# Should I ask for an HR22 & HR23? Is there a difference?



## digitalant (Oct 4, 2002)

Upgrading/swapping my current HR10-250 (will miss you TiVo) to get mpeg4 HDs. 

Is there a difference between the HR22 & HR23?


----------



## bpratt (Nov 20, 2004)

The HR23 is reported to have better audio and video. If you order an HR2x from D*, you can request an HR23 but you will get what they send you. If you really want an HR23, you probably need to wait until they appear on the shelves of you local Costco, Best Buy or Circuit City and buy it there.


----------



## incog-neato (Sep 18, 2007)

HR23 has "internal" BBC's so no separate BBC's needed.


----------



## bpratt (Nov 20, 2004)

incog-neato said:


> HR23 has "internal" BBC's so no separate BBC's needed.


Actually, the HR23 uses a wide-band tuner so there is no need for a BBC internal or external.


----------



## TyroneShoes (Sep 6, 2004)

bpratt said:


> The HR23 is reported to have better audio and video...

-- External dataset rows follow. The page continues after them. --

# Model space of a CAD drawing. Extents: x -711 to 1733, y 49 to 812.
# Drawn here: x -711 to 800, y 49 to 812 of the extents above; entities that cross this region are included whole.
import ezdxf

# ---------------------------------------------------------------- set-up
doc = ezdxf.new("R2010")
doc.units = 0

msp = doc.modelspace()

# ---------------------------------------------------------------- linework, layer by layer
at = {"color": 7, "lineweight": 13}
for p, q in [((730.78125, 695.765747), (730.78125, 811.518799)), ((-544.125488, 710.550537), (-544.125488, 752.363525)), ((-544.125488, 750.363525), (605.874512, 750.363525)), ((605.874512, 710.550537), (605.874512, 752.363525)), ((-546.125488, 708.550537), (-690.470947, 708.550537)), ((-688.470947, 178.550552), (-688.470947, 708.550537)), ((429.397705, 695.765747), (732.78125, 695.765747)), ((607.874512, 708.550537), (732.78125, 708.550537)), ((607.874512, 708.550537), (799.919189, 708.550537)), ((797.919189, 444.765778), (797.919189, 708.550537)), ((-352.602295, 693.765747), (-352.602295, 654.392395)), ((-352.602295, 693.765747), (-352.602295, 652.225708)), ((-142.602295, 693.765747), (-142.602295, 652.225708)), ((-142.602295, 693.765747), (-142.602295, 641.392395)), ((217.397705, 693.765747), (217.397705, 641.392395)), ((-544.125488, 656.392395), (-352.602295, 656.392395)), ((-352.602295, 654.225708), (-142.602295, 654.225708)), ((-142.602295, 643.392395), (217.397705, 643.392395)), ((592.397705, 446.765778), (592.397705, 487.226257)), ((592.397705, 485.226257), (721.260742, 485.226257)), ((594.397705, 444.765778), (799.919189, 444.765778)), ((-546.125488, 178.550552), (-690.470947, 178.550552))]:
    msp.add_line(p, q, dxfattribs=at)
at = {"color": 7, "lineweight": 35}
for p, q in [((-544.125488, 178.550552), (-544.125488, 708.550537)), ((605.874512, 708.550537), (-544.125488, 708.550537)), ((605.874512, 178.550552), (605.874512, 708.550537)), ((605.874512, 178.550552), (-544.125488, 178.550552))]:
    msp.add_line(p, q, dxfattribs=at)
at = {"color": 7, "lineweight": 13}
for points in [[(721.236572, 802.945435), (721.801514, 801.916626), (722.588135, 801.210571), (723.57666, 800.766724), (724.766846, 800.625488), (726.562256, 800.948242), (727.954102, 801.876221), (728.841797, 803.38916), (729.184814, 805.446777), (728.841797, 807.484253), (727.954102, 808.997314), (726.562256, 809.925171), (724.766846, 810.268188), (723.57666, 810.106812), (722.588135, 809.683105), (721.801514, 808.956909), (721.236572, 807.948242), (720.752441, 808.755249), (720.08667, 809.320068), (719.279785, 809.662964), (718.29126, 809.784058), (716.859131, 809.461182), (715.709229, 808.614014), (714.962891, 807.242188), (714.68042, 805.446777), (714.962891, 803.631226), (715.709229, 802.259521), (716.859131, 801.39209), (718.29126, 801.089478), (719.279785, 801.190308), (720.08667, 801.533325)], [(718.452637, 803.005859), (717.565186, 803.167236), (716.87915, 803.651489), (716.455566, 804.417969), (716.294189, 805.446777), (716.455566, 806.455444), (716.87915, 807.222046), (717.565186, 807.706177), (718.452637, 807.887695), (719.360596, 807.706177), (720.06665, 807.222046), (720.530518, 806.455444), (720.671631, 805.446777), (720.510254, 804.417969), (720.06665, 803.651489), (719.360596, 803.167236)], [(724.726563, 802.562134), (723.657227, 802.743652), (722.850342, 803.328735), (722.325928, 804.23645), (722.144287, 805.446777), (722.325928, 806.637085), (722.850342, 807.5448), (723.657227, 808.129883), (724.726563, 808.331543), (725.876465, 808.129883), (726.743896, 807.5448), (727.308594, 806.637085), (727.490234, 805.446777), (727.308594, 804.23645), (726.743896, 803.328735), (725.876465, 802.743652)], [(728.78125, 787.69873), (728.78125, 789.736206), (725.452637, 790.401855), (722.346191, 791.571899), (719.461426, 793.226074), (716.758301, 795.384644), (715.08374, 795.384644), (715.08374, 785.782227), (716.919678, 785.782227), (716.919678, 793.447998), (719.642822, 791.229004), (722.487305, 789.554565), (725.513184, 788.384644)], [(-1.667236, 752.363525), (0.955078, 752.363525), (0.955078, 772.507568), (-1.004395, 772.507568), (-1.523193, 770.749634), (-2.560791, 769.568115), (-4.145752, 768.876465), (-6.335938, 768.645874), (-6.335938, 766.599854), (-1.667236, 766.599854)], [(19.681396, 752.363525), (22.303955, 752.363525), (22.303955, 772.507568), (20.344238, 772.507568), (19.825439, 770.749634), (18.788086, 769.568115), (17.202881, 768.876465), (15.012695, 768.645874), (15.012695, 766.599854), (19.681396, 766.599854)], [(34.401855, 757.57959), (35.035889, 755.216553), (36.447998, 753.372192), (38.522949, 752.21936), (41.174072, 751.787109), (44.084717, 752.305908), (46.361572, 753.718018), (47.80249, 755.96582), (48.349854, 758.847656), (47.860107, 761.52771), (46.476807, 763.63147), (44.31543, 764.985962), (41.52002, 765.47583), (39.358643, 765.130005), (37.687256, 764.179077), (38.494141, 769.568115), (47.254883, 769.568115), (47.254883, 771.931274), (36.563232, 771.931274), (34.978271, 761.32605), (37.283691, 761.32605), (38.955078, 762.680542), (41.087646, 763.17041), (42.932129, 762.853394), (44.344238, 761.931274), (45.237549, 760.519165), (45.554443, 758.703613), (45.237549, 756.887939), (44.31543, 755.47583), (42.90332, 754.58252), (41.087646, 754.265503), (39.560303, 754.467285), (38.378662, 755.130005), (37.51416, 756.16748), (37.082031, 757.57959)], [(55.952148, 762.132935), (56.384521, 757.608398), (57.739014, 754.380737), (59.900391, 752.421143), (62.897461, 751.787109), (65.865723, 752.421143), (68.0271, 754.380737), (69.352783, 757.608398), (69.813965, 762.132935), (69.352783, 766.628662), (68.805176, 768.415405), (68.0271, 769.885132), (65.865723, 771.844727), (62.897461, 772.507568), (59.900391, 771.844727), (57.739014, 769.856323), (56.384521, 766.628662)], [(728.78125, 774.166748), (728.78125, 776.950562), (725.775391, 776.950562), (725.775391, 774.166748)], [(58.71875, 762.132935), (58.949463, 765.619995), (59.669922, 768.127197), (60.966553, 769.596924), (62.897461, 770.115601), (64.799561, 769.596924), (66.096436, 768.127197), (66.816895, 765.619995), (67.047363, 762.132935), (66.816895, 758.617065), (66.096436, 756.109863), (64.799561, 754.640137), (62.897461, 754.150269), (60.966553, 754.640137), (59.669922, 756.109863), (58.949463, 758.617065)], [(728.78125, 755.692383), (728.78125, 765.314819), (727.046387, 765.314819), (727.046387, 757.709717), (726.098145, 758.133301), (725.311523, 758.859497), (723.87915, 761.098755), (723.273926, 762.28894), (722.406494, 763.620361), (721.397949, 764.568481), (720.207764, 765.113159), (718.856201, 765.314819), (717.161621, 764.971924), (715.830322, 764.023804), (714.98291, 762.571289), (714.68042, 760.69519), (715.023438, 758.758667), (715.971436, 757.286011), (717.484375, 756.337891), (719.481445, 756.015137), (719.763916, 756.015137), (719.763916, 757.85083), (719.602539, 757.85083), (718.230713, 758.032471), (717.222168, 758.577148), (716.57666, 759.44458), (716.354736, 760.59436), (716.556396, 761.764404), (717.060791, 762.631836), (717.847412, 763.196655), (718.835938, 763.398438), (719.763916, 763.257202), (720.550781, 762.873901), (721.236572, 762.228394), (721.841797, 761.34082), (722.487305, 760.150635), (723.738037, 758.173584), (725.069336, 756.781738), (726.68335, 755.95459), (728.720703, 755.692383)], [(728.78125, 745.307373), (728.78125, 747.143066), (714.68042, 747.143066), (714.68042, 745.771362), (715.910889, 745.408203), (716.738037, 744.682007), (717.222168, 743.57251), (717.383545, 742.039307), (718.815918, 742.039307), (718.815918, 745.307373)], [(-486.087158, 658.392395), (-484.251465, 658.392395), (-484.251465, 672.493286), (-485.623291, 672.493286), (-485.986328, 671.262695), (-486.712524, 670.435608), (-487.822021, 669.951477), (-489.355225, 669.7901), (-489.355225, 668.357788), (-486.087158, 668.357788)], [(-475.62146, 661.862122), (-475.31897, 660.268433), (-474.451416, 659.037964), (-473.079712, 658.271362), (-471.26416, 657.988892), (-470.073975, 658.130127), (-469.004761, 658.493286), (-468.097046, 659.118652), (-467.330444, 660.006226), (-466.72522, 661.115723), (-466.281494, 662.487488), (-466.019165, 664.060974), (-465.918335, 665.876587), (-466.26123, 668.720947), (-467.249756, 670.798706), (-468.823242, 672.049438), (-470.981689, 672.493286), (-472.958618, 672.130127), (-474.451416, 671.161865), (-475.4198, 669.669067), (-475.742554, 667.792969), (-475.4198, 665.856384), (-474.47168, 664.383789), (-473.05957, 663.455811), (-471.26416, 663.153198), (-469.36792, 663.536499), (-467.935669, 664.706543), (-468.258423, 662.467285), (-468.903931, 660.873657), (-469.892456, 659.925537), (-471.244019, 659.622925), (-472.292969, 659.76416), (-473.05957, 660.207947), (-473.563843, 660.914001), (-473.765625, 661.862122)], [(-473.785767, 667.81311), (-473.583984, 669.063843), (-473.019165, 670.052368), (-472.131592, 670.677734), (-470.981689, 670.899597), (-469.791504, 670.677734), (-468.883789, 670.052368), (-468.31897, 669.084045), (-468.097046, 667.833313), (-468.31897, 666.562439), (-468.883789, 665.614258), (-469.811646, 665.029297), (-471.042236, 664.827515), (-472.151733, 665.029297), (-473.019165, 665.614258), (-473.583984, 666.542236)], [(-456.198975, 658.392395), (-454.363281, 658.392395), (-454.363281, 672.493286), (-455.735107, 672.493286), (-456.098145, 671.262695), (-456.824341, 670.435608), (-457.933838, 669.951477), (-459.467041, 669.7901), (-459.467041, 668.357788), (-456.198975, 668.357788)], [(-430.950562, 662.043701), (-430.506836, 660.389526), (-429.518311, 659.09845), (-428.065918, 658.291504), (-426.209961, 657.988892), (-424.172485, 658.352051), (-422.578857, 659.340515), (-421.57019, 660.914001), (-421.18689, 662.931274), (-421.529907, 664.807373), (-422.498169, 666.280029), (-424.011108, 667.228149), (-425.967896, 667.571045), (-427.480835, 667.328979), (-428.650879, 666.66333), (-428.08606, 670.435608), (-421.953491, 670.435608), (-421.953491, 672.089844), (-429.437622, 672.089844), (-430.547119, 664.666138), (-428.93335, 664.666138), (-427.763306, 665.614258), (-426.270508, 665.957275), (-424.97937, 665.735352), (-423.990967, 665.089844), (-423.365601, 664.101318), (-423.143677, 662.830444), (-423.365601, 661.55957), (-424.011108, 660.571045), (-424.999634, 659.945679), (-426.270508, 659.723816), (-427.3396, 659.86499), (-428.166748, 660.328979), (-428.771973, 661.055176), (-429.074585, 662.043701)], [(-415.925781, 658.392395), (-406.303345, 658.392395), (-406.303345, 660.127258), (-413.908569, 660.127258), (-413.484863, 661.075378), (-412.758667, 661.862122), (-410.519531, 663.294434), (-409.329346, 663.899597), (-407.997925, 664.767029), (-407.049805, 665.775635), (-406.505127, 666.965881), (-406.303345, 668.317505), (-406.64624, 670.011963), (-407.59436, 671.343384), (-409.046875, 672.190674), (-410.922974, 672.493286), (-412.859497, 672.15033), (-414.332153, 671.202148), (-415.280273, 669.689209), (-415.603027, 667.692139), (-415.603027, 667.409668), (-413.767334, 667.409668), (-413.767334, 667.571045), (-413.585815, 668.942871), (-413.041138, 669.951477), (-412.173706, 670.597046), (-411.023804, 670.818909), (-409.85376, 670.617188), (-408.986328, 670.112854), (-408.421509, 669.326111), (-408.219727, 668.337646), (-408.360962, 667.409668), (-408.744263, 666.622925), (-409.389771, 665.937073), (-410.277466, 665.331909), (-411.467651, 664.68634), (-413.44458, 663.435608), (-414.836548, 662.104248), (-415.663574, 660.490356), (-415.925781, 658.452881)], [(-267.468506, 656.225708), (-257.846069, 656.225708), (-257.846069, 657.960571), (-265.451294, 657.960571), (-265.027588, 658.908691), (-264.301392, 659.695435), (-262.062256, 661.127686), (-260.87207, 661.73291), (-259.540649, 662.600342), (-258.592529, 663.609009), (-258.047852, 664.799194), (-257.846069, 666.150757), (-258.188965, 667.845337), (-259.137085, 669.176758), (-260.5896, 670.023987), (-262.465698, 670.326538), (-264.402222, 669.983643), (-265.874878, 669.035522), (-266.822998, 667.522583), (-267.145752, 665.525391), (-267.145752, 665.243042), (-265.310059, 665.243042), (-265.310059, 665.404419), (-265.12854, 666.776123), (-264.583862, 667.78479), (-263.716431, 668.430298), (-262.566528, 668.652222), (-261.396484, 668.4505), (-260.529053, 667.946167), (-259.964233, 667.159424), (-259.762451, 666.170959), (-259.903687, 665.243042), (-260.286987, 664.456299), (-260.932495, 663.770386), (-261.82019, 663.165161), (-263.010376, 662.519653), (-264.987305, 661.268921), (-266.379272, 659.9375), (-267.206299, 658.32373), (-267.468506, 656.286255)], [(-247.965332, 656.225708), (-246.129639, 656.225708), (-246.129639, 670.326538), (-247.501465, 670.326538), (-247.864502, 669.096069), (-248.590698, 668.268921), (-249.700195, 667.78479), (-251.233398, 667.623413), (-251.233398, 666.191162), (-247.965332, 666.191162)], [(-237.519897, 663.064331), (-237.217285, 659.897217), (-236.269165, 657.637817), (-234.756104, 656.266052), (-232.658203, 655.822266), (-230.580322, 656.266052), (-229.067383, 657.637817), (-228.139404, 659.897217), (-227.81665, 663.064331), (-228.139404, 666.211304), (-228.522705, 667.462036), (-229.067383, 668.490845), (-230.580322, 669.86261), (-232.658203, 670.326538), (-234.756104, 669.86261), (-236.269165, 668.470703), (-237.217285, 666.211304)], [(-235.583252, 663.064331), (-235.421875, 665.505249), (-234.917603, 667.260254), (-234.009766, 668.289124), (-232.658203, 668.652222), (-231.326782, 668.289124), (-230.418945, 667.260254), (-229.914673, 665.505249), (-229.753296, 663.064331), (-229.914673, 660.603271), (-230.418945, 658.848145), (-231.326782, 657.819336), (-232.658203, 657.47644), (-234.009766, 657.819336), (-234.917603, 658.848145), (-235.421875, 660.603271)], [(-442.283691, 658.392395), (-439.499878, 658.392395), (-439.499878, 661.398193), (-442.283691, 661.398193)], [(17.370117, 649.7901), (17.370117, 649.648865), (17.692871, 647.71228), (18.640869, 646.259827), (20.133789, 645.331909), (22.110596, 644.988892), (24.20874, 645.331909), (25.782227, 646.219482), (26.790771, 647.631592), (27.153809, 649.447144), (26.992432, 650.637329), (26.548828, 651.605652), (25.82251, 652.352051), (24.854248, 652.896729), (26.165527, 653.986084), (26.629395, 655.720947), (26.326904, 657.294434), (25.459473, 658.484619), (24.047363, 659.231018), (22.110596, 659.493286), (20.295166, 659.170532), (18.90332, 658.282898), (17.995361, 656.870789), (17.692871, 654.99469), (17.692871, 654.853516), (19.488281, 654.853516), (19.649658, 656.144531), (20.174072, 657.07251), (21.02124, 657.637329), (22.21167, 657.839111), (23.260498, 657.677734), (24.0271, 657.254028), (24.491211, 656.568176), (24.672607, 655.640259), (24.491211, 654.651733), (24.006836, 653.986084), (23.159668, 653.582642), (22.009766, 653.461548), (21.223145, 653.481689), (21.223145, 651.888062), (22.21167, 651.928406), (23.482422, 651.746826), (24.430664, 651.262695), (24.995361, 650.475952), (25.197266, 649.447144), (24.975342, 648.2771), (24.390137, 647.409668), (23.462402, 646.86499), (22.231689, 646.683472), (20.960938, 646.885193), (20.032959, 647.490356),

"Better" in what way, and reported by who? It is hard to improve on audio or video that is already delivered in a digitally-encoded format, especially since all DVRs get it from the same place. The quality of the improvement would have to be limited to the DAC and associated analog output circuitry, which is already excellent in all DTV DVRs.


----------



## bpratt (Nov 20, 2004)

TyroneShoes said:


> "Better" in what way, and reported by who? It is hard to improve on audio or video that is already delivered in a digitally-encoded format, especially since all DVRs get it from the same place. The quality of the improvement would have to be limited to the DAC and associated analog output circuitry, which is already excellent in all DTV DVRs.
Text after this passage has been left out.